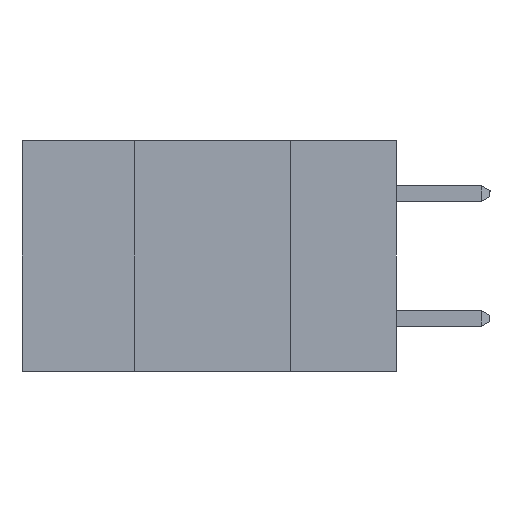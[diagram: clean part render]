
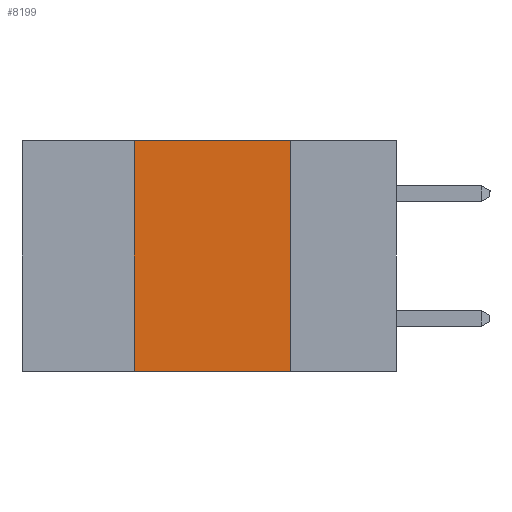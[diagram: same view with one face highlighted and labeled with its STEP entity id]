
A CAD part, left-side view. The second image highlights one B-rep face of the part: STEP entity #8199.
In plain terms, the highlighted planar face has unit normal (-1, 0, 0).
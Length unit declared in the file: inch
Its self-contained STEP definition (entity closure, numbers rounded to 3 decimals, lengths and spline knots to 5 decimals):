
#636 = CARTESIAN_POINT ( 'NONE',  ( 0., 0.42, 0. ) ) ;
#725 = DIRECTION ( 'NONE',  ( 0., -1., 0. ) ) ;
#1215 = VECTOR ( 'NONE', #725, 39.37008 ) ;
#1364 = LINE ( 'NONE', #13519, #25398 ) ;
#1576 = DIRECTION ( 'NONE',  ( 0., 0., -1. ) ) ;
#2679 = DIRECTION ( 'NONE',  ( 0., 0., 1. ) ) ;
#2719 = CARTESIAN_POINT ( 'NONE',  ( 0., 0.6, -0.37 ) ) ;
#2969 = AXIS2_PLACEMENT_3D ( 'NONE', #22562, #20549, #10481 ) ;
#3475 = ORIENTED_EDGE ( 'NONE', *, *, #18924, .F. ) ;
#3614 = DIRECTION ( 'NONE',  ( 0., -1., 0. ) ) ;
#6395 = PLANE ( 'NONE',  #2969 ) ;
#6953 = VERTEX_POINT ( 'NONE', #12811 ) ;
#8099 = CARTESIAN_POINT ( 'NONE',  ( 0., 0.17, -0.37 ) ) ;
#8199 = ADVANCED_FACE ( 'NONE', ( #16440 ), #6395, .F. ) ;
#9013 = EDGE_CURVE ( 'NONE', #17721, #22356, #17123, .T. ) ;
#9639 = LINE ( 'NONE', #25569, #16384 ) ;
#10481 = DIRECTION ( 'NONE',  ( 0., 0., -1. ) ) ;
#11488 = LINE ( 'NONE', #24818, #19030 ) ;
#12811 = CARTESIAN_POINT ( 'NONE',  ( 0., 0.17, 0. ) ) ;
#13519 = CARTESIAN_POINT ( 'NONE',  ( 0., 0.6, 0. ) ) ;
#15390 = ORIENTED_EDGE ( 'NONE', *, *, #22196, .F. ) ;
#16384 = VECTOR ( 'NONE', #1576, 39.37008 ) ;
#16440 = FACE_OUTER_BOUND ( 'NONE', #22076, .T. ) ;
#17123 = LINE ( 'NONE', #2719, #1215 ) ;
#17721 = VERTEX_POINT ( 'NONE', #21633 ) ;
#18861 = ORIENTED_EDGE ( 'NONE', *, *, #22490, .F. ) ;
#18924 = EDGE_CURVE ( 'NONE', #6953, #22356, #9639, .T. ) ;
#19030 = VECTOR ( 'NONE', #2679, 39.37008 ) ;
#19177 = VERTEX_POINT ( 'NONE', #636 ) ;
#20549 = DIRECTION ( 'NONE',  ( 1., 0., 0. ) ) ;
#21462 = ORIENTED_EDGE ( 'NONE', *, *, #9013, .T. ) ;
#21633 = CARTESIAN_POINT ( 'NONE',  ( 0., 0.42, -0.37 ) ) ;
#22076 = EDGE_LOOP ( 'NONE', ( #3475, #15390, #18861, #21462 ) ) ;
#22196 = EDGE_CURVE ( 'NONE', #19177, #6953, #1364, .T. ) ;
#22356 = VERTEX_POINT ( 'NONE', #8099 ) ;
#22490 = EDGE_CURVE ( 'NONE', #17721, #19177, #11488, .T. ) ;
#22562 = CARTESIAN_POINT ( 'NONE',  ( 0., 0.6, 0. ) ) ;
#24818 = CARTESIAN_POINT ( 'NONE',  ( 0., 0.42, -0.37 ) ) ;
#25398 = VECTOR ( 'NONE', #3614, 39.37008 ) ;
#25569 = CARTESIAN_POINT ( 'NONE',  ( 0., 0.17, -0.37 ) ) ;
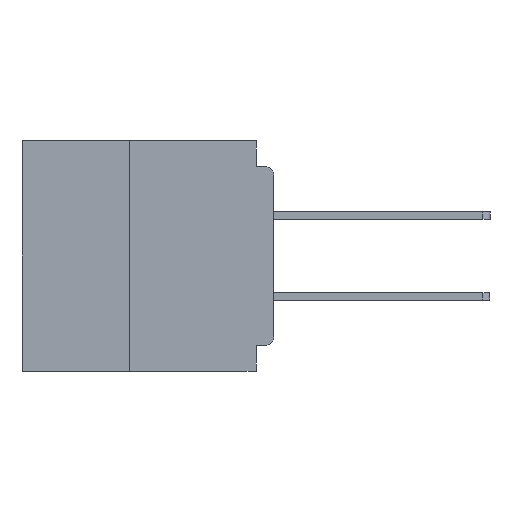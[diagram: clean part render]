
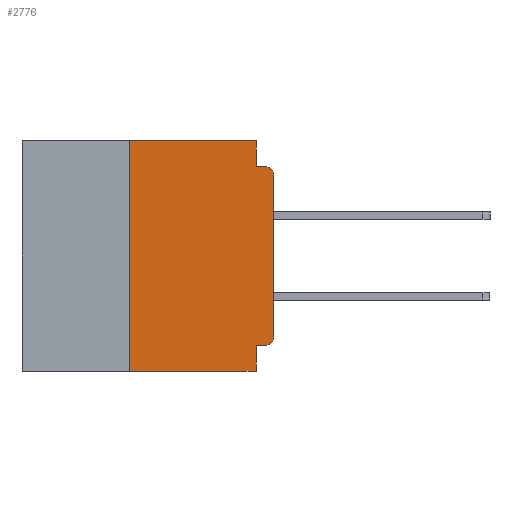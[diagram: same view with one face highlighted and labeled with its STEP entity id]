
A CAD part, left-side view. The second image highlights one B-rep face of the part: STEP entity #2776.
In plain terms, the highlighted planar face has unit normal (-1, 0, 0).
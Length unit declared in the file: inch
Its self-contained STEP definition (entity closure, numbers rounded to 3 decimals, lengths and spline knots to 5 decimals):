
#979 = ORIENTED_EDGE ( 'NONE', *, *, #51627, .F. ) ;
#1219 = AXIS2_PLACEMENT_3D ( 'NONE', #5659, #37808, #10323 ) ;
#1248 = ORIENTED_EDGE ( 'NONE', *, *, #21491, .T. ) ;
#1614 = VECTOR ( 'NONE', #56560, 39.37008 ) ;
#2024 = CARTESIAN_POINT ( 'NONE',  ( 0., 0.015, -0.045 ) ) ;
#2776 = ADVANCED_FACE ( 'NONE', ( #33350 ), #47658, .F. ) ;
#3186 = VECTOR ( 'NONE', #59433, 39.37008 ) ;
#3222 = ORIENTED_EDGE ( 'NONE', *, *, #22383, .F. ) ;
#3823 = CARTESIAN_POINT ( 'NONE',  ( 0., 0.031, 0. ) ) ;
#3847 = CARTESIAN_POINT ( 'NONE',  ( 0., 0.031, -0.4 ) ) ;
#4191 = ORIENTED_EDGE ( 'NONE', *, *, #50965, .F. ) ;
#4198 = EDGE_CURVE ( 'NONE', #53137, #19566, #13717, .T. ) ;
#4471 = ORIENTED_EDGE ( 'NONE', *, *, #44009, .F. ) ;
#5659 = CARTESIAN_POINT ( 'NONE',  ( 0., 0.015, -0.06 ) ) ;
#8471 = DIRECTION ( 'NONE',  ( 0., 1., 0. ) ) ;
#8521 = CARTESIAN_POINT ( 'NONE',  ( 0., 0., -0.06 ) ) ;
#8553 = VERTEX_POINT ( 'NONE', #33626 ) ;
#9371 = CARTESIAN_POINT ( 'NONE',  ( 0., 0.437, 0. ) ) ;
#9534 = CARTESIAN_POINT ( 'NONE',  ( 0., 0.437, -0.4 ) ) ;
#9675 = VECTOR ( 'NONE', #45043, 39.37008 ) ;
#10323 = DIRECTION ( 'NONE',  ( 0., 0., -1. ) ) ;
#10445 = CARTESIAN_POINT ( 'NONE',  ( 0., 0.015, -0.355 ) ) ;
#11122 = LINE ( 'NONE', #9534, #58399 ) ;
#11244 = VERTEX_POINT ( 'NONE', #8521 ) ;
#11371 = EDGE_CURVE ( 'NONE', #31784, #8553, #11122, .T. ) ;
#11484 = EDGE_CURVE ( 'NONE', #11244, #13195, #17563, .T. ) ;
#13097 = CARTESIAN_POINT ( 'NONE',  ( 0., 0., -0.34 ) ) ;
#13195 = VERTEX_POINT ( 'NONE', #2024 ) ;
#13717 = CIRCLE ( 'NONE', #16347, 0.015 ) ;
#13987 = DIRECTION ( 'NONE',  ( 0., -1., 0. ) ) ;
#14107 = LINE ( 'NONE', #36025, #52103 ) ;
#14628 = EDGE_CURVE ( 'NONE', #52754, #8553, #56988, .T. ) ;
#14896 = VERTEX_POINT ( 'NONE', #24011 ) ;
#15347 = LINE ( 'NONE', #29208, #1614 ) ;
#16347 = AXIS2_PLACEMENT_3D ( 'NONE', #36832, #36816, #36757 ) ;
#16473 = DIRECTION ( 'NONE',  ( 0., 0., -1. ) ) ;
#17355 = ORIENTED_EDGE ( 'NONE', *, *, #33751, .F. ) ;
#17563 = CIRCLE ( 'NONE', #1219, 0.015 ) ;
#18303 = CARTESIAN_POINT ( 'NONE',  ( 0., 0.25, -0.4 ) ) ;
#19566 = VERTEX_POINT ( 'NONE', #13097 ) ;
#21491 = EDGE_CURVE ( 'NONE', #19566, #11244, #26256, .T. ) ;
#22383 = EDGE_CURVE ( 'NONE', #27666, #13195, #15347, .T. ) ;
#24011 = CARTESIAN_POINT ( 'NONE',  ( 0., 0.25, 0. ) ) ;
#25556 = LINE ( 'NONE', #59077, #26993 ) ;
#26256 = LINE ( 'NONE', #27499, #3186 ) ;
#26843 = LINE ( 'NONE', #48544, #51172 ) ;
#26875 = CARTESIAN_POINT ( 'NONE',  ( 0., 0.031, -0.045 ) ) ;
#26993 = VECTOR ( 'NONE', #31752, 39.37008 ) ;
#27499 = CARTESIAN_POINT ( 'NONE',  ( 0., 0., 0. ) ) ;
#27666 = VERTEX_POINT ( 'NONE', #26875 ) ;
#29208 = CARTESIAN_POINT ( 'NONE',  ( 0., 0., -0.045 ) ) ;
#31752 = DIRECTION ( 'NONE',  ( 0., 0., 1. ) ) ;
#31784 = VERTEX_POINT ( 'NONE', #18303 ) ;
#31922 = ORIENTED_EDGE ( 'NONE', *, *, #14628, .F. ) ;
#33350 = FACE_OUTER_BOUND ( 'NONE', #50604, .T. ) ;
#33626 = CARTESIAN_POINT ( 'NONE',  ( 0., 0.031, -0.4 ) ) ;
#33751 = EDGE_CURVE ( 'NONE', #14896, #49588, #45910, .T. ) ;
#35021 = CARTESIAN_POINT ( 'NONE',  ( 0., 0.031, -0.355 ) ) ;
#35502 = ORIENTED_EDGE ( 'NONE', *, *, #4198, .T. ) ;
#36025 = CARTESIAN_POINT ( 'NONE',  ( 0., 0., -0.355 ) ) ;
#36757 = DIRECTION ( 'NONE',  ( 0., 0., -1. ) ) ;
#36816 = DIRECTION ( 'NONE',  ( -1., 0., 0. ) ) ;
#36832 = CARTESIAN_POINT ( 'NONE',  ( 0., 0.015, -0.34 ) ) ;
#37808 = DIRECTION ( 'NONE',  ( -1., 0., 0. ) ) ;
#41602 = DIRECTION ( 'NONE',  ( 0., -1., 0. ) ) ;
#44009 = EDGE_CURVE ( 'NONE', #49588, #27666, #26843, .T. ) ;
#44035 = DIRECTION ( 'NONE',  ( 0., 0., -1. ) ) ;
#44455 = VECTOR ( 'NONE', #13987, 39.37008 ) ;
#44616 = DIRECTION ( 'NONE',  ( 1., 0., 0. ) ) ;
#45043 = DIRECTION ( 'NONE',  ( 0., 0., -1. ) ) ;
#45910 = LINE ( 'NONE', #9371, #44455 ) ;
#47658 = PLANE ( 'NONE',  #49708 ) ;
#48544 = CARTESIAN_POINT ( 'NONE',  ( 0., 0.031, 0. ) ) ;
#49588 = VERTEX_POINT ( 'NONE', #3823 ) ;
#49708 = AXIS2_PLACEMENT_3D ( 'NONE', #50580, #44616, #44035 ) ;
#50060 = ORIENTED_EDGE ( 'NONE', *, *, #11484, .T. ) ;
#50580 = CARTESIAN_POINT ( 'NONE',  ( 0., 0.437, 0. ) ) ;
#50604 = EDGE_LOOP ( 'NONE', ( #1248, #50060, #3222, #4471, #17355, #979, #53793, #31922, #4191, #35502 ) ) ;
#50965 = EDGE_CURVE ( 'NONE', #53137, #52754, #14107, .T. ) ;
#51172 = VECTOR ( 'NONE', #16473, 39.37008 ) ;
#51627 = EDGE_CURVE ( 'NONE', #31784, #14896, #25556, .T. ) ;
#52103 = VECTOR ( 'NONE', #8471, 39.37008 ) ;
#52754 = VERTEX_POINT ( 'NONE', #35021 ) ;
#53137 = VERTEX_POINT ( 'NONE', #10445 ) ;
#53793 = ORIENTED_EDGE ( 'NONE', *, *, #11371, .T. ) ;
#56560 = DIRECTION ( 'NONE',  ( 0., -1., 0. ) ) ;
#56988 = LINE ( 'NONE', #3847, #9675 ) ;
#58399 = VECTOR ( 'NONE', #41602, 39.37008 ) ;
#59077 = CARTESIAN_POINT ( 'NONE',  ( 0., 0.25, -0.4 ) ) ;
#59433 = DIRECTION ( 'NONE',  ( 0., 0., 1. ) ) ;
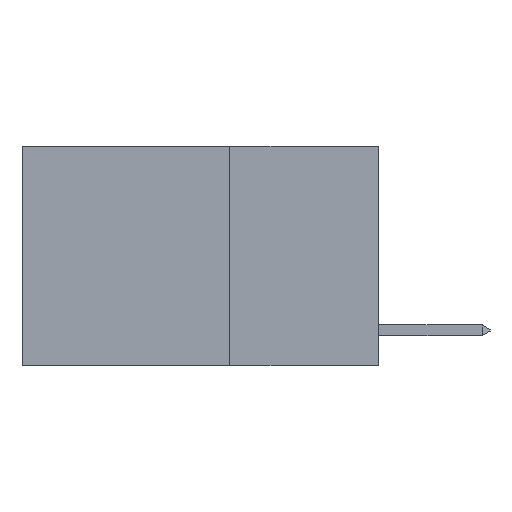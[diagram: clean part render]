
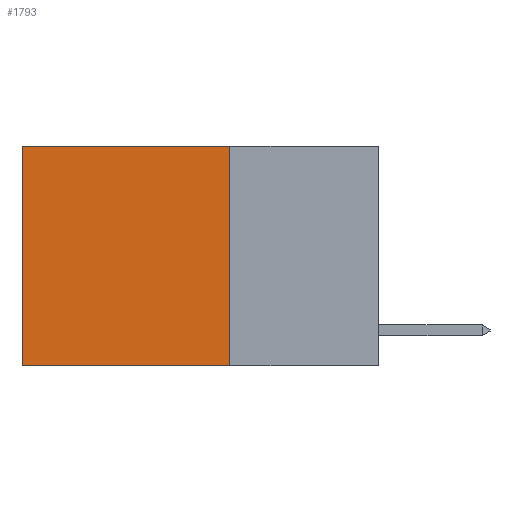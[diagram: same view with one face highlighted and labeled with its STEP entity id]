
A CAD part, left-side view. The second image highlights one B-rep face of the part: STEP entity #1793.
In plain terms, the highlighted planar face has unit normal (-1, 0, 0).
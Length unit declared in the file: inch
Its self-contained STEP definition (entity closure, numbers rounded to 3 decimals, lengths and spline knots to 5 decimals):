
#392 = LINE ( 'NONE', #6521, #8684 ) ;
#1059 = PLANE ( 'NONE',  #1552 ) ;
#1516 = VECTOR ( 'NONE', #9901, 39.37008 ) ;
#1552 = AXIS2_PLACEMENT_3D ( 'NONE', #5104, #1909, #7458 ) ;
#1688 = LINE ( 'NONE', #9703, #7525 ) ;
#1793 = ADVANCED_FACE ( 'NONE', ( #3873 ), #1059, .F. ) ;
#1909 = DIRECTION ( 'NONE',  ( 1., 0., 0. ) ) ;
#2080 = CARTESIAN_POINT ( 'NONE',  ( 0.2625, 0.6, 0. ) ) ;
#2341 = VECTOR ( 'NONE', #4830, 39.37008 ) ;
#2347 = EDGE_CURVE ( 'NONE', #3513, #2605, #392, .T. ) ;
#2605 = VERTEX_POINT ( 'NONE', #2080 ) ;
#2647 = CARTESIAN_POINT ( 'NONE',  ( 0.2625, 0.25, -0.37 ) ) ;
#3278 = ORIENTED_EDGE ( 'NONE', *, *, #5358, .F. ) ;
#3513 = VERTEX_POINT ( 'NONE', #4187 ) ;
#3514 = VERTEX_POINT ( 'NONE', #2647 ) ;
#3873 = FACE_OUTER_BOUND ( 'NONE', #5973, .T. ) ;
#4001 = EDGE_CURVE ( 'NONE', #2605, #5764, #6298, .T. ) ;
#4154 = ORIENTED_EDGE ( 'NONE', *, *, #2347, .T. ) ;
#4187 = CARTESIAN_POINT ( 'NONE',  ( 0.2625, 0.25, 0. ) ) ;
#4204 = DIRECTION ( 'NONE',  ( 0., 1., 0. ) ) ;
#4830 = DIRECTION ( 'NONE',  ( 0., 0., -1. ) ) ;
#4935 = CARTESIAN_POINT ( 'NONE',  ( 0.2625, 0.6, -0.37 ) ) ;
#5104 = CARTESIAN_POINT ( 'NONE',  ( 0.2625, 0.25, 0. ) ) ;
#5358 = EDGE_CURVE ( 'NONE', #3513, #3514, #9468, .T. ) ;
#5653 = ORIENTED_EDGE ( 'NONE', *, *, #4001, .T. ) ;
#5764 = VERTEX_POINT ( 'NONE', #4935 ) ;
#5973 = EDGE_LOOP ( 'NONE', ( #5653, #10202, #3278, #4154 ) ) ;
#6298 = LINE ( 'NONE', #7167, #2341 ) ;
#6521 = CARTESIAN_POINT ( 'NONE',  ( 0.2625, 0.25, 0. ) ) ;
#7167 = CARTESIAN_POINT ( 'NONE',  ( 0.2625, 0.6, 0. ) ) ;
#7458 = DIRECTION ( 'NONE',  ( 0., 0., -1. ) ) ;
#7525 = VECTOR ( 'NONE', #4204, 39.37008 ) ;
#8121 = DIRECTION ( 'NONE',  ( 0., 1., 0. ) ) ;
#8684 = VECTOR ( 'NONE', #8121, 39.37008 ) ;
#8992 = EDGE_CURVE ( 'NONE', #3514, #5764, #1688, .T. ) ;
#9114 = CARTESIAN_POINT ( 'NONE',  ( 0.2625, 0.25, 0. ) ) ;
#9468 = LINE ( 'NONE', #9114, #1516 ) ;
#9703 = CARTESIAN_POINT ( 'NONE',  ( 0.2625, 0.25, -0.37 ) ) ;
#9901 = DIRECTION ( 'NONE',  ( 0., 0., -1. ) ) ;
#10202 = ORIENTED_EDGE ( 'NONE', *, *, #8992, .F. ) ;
---
Exact duplication is required for the lines above, from the line that contains "#3873 = FACE_OUTER_BOUND" to the line that contains "#5764 = VERTEX_POINT ( 'NONE', #4935 ) ;", inclusive; omit all others.

● **Written answer**
#3873 = FACE_OUTER_BOUND ( 'NONE', #5973, .T. ) ;
#4001 = EDGE_CURVE ( 'NONE', #2605, #5764, #6298, .T. ) ;
#4154 = ORIENTED_EDGE ( 'NONE', *, *, #2347, .T. ) ;
#4187 = CARTESIAN_POINT ( 'NONE',  ( 0.2625, 0.25, 0. ) ) ;
#4204 = DIRECTION ( 'NONE',  ( 0., 1., 0. ) ) ;
#4830 = DIRECTION ( 'NONE',  ( 0., 0., -1. ) ) ;
#4935 = CARTESIAN_POINT ( 'NONE',  ( 0.2625, 0.6, -0.37 ) ) ;
#5104 = CARTESIAN_POINT ( 'NONE',  ( 0.2625, 0.25, 0. ) ) ;
#5358 = EDGE_CURVE ( 'NONE', #3513, #3514, #9468, .T. ) ;
#5653 = ORIENTED_EDGE ( 'NONE', *, *, #4001, .T. ) ;
#5764 = VERTEX_POINT ( 'NONE', #4935 ) ;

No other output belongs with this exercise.